文/鄭輝
延安時期法律文化建設的路徑
文/鄭輝
延安時期邊區法律文化建設也是將馬克思主義法律思想同中國抗戰大背景之下的邊區實際相結合,即馬克思主義法律思想的中國化的進程。所謂馬克思主義中國化①,就是把馬克思主義同中國的實際相結合,同中國的傳統文化相結合,走符合自己實際的道路,形成馬克思主義同中國實踐和時代特征結合起來的新理論,將源于歐洲的馬克思主義化為中國的馬克思主義。1938年10月,在中共六屆六中全會上,毛澤東作了《論新階段》的主旨發言,提出中共要以馬克思主義中國化為首要任務,并指出馬克思主義的中國化,就是“使之在其每一表現中帶著中國的特性”②。
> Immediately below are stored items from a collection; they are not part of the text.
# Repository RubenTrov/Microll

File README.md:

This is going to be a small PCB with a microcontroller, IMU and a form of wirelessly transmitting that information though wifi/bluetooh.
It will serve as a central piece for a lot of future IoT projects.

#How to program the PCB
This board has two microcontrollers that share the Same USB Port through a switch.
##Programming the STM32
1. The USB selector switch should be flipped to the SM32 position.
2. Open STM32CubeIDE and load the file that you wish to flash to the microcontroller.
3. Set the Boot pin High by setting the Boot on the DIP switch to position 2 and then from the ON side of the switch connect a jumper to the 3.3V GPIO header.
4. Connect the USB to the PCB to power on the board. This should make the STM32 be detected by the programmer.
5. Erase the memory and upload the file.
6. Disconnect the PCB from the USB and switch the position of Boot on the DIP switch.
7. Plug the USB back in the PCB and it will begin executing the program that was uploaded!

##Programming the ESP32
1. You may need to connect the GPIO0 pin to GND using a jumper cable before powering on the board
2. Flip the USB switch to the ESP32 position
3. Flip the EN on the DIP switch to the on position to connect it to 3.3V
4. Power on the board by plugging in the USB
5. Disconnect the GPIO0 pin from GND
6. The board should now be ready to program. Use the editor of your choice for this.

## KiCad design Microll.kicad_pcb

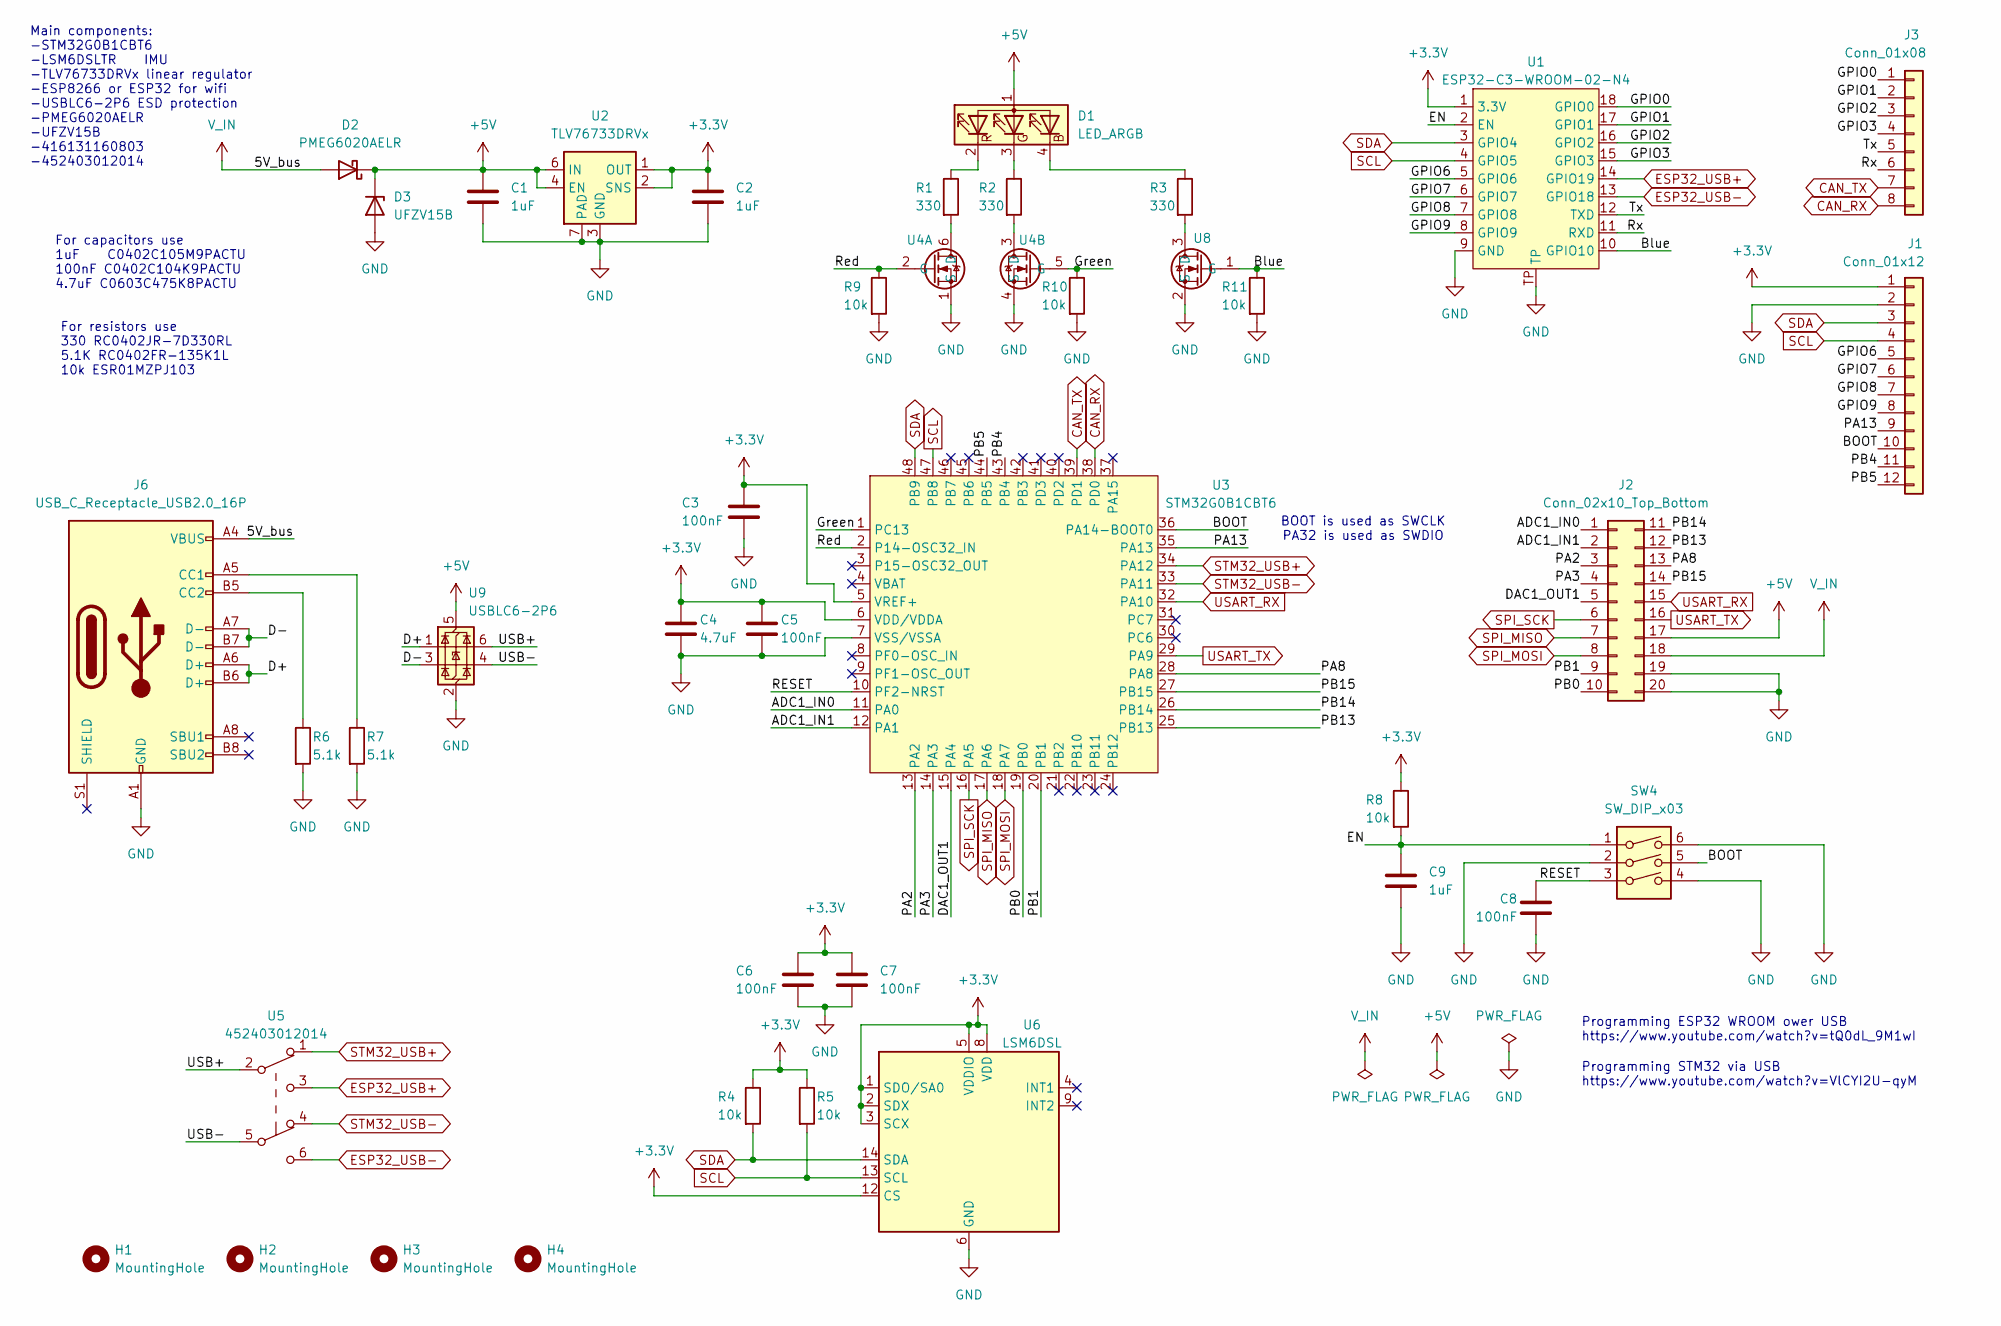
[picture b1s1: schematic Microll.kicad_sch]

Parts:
C1, C2, C9: 1uF; C_0402_1005Metric
C3, C5, C6, C7, C8: 100nF; C_0402_1005Metric
C4: 4.7uF; C_0603_1608Metric
D1: LED_ARGB; APTF1616LSEEZGKQBKC
D2: PMEG6020AELR; D_SOD-123
D3: UFZV15B; D_SOD-323F
H1, H2, H3, H4: MountingHole; MountingHole_2.2mm_M2
J1: Conn_01x12; PinSocket_1x12_P2.54mm_Vertical
J2: Conn_02x10_Top_Bottom; PinSocket_2x10_P2.54mm_Vertical
J3: Conn_01x08; PinSocket_1x08_P2.54mm_Vertical
J6: USB_C_Receptacle_USB2.0_16P; USB_C_Receptacle_GCT_USB4105-xx-A_16P_TopMnt_Horizontal
R1, R2, R3: 330; R_0402_1005Metric
R4, R5, R8, R9, R10, R11: 10k; R_0402_1005Metric
R6, R7: 5.1k; R_0402_1005Metric
SW4: SW_DIP_x03; WE_DIP_SWITCH_3_POS
U1: ESP32-C3-WROOM-02-N4
U2: TLV76733DRVx; WSON-6-1EP_2x2mm_P0.65mm_EP1x1.6mm_ThermalVias
U3: STM32G0B1CBT6; LQFP-48_7x7mm_P0.5mm
U4: BSD235NH6327XTSA1; SOT-363_SC-70-6
U5: 452403012014; DPDT_Switch_x2
U6: LSM6DSL; LGA-14_3x2.5mm_P0.5mm_LayoutBorder3x4y
U8: NX7002AKW,115; SOT-323_SC-70
U9: USBLC6-2P6; SOT-666

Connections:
+3.3V: C2.1, C3.1, C4.1, C5.1, C6.1, C7.1, J1.1, R4.1, R5.1, R8.1, U1.1 (3.3V), U2.1 (OUT), U2.2 (SNS), U3.5 (VREF+), U3.6 (VDD/VDDA), U6.1 (SDO/SA0), U6.2 (SDX), U6.3 (SCX), U6.5 (VDDIO), U6.8 (VDD), U6.12 (CS)
+5V: C1.1, D1.1 (A), D2.1 (K), D3.1 (K), J2.17, U2.4 (EN), U2.6 (IN), U9.5 (VBUS)
/ADC1_IN0: J2.1, U3.11 (PA0)
/ADC1_IN1: J2.2, U3.12 (PA1)
/BOOT: J1.10, SW4.5, U3.36 (PA14-BOOT0)
/Blue: R11.1, U1.10 (GPIO10), U8.1 (G)
/D+: J6.A6 (D+), J6.B6 (D+), U9.1 (I/O1)
/D-: J6.A7 (D-), J6.B7 (D-), U9.3 (I/O2)
/DAC1_OUT1: J2.5, U3.15 (PA4)
/EN: C9.1, R8.2, SW4.1, U1.2 (EN)
/GPIO0: J3.1, U1.18 (GPIO0)
/GPIO1: J3.2, U1.17 (GPIO1)
/GPIO2: J3.3, U1.16 (GPIO2)
/GPIO3: J3.4, U1.15 (GPIO3)
/GPIO6: J1.5, U1.5 (GPIO6)
/GPIO7: J1.6, U1.6 (GPIO7)
/GPIO8: J1.7, U1.7 (GPIO8)
/GPIO9: J1.8, U1.8 (GPIO9)
/Green: R10.1, U3.1 (PC13), U4.5 (G)
/PA2: J2.3, U3.13 (PA2)
/PA3: J2.4, U3.14 (PA3)
/PA8: J2.13, U3.28 (PA8)
/PA13: J1.9, U3.35 (PA13)
/PB0: J2.10, U3.19 (PB0)
/PB1: J2.9, U3.20 (PB1)
/PB4: J1.11, U3.43 (PB4)
/PB5: J1.12, U3.44 (PB5)
/PB13: J2.12, U3.25 (PB13)
/PB14: J2.11, U3.26 (PB14)
/PB15: J2.14, U3.27 (PB15)
/RESET: C8.1, SW4.3, U3.10 (PF2-NRST)
/Red: R9.1, U3.2 (P14-OSC32_IN), U4.2 (G)
/Rx: J3.6, U1.11 (RXD)
/Tx: J3.5, U1.12 (TXD)
/USB+: U5.2, U9.6 (I/O1)
/USB-: U5.5, U9.4 (I/O2)
CAN_RX: J3.8, U3.38 (PD0)
CAN_TX: J3.7, U3.39 (PD1)
ESP32_USB+: U1.14 (GPIO19), U5.3
ESP32_USB-: U1.13 (GPIO18), U5.6
GND: C1.2, C2.2, C3.2, C4.2, C5.2, C6.2, C7.2, C8.2, C9.2, D3.2 (A), J1.2, J2.19, J2.20, J6.A1 (GND), J6.A12 (GND), J6.B1 (GND), J6.B12 (GND), R6.2, R7.2, R9.2, R10.2, R11.2, SW4.2, SW4.4, SW4.6, U1.9 (GND), U1.TP, U2.3 (GND), U2.5 (GND), U2.7 (PAD), U3.7 (VSS/VSSA), U4.1 (S), U4.4 (S), U6.6 (GND), U6.7 (GND), U8.2 (S), U9.2 (GND)
unnamed: D1.4 (BK), R3.1
unnamed: D1.3 (GK), R2.1
unnamed: D1.2 (RK), R1.1
unnamed: J6.A5 (CC1), R7.1
unnamed: J6.B5 (CC2), R6.1
unnamed: R1.2, U4.6 (D)
unnamed: R2.2, U4.3 (D)
unnamed: R3.2, U8.3 (D)
SCL: J1.4, R5.2, U1.4 (GPIO5), U3.47 (PB8), U6.13 (SCL)
SDA: J1.3, R4.2, U1.3 (GPIO4), U3.48 (PB9), U6.14 (SDA)
SPI_MISO: J2.7, U3.17 (PA6)
SPI_MOSI: J2.8, U3.18 (PA7)
SPI_SCK: J2.6, U3.16 (PA5)
STM32_USB+: U3.34 (PA12), U5.1
STM32_USB-: U3.33 (PA11), U5.4
USART_RX: J2.15, U3.32 (PA10)
USART_TX: J2.16, U3.29 (PA9)
V_IN: D2.2 (A), J2.18, J6.A4 (VBUS), J6.A9 (VBUS), J6.B4 (VBUS), J6.B9 (VBUS)

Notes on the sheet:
Programming ESP32 WROOM ower USB https://www.youtube.com/watch?v=tQ0dL_9M1wI
Programming STM32 via USB https://www.youtube.com/watch?v=VlCYI2U-qyM
For capacitors use 1uF C0402C105M9PACTU 100nF C0402C104K9PACTU 4.7uF C0603C475K8PACTU
BOOT is used as SWCLK PA32 is used as SWDIO
Main components: -STM32G0B1CBT6 -LSM6DSLTR IMU -TLV76733DRVx linear regulator -ESP8266 or ESP32 for wifi -USBLC6-2P6 ESD protection -PMEG6020AELR -UFZV15B -416131160803 -452403012014
For resistors use 330 RC0402JR-7D330RL 5.1K RC0402FR-135K1L 10k ESR01MZPJ103

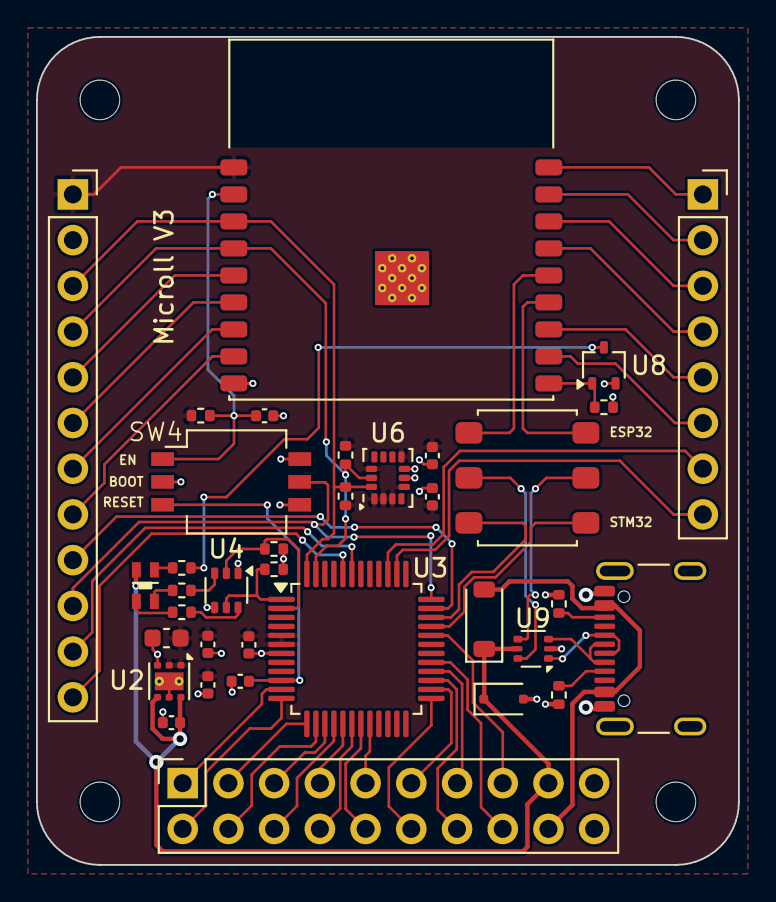
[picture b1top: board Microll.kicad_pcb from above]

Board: 2 copper layers, 39.0 x 46.0 mm, 40 parts (0 on the bottom side), 59 nets.

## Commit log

2023-09-10 Initial project creation
2023-09-10 Initial part selection
2023-09-11 More motes on the board main components.
2023-09-17 something
2023-09-17 Created ESP32, partially drawn footprint
2023-09-17 Finished footprint for ESP32
2023-09-17 gitignoew update
2023-09-17 Added linear regulator symbol and footprint.
2023-09-24 Decided on STM32 microcontroller and made footprint and symbol
2023-09-25 Added IMU. Initial placement of components on PCB to check spacing
2023-09-27 Added some notes on programming the STM32 and ESP32 over USB. Added datasheets to all components.
2023-10-01 Begun drafting linear regulator circuit and passive components
2023-10-01 Thinking of swapping out linear regulator. Thinking about programming jumper to swap between microcontrollers
2023-10-03 Changed linear regulator to TLV767
2023-10-03 added some capacitors to the IMU
2023-10-07 Added 3D models to all PCB components. Added switch for USB programming between microcontrollers
2023-10-07 Added todo list
2023-10-10 Corrected mistake in usb wiring to switch
2023-10-10 Added ESD protection, decoupling capacitors and new footprints
2023-10-15 Added an RGB LED and solder jumpers for the EN and Boot pins of the microcontrollers in case I need to do something woth programming
2023-10-15 Added nets to the LEDs. Pretty much all that is left in the scematic is adding the I/O pins and then it's off to the PCB layout
2023-11-12 Added I/O connections
2023-12-23 Initial placement for the PCB.
2023-12-25 Updated STMew and ESP32 symbols with correct pins. Need to update USB-C next.
2024-01-13 Updated USB-C receptacle footprint.
2024-01-13 USB-C footprint should now match schematic
2024-01-13 Organised board sape and pin headers.
2024-01-13 Board ready for track routing
2024-01-20 Started routing tracks
2024-01-27 finished routing. Need to clear DRC errors
2024-01-28 Finishhed Microll PCB
2024-01-28 Added 3D model for USB-C. PCB finished!
2024-01-28 PCB finished and ordered
2024-01-28 Added Gerber files
2024-02-16 Lots of notes on what to improve for the next one
2024-02-16 Added 5.1k resistors to USBC for 5V
2024-02-16 Fixed mistake on PA13 mixing it up with the boot button.
2024-02-16 Changed the enable pin for the ESP32 to a button. adding extra row of IO pins
2024-02-16 adding second regulator for input voltage through GPIO
2024-02-17 Added note to simulate reverse polarity protection diode
2024-02-18 It was fine before but now properly following schematic pin recomended for USBLC ESD protection
2024-02-18 corrected big mistake on 3.3V regulator sns pin
2024-02-18 added input protection diodes. starting new pcb layout
2024-02-19 Removed unnecessary 5V regulator
2024-02-19 Changed connectors to two rows to conserve board space. Still considering getting another secondary boltage regulator for powering external motors
2024-02-21 Begun placement for new Microll PCB
2024-02-22 Updated breakout pinout and placement
2024-02-24 Converted to KiCad 8.0
2024-02-25 Changed the programming switches to a more compact dip format to save board space
2024-03-01 Board outline defined. Initial routing comenced
2024-03-01 Additional routing. Need to update power symbols due tto kicad 8. Need to add 4 pins from STM32
2024-03-01 Largely finishhed routing. Need to sort out 3D model for USBC and add silk skreen pin labels to underside of board
2024-03-01 Updated USBC. Just need to add silkscreen to te bottom 12 pin connector and it's done
2024-03-01 Completed Microll V1.0
2024-03-12 Fixed typo on STM32 symbol pinout
2024-03-26 Update README.md
    Updated the images for V1.0
2024-03-26 Updated gitignore to ignore PCB lock. Tidy up schematic notes
2024-03-26 Update README.md
    Cooler 3D picture
2024-03-26 Updated Readme instructions on how to program the ESP32 and STM32.
2024-03-26 Update README.md
    Updated 3D image again
2024-03-26 Update README.md
    Another 3D image update
2024-04-03 Messed up on the boot option pin and didn't connect it to +3.3V on the other side.. Added a note
2024-04-20 updating microcontroller
2024-04-20 SWDIO and SWCLK now accessible through gpio pins. Microcontroller changed to more solder friendly package
2024-04-21 Made Microll V2 and updated Gerber Files
2024-09-02 Realized why I kept killing both the STM32 and ESP32. I stupidly connected the LEDs to 5V and was having the microcontrollers sink that. The micorcontroller pins can only handle 3.6V max. Even with t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
2024-09-03 small notes added on what will be changed. Schematic doc includes revision
2024-09-04 Added NMOS to control the LEDs. Changed the series resistance to set the appropriate current limit for the LEDs. Updated USB ESD protection. Added Simulations folder with LED simulation.
2024-09-05 Updating component documentation
2024-09-07 Added datasheets to components. Ready to proceed with layout update
2024-09-07 Updated PCB to Microll V3
2024-09-07 Updated Gerber files. Added 3D photos and schematic PDF
2024-09-07 Update README.md
    updated image for V3

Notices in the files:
Microll.kicad_pcb:
© Ruben Trovoada

首先,就馬克思主義法律思想中國化的根本原則而言,就是堅持馬克思主義法律思想立場而不是背離,就是真正能“理解、精通、應用”馬克思主義法律理論③。要做到這一點,必須吸取歷史上的經驗教訓,反對教條主義和“左”的錯誤思想。土地革命戰爭時期,由于法制建設經驗的缺乏,法制理論和制度基本上都借鑒甚至直接移植了蘇俄法律,嚴重脫離了本國革命的實際情況,直接導致這一時期的立法、執法與司法都不同程度上存在著“左”的錯誤,給革命事業帶來了嚴重的危害。延安時期對土地革命戰爭時期“左”傾機會主義錯誤和實踐教訓進行了反思和修正,樹立了法律面前人人平等、充分保障一切抗日民眾合法權益等明確的法律指導思想,反帝反封建的立法內容,從實際出發、依靠群眾的立法基本路線,④從而初步確立了中國化的馬克思主義法制觀。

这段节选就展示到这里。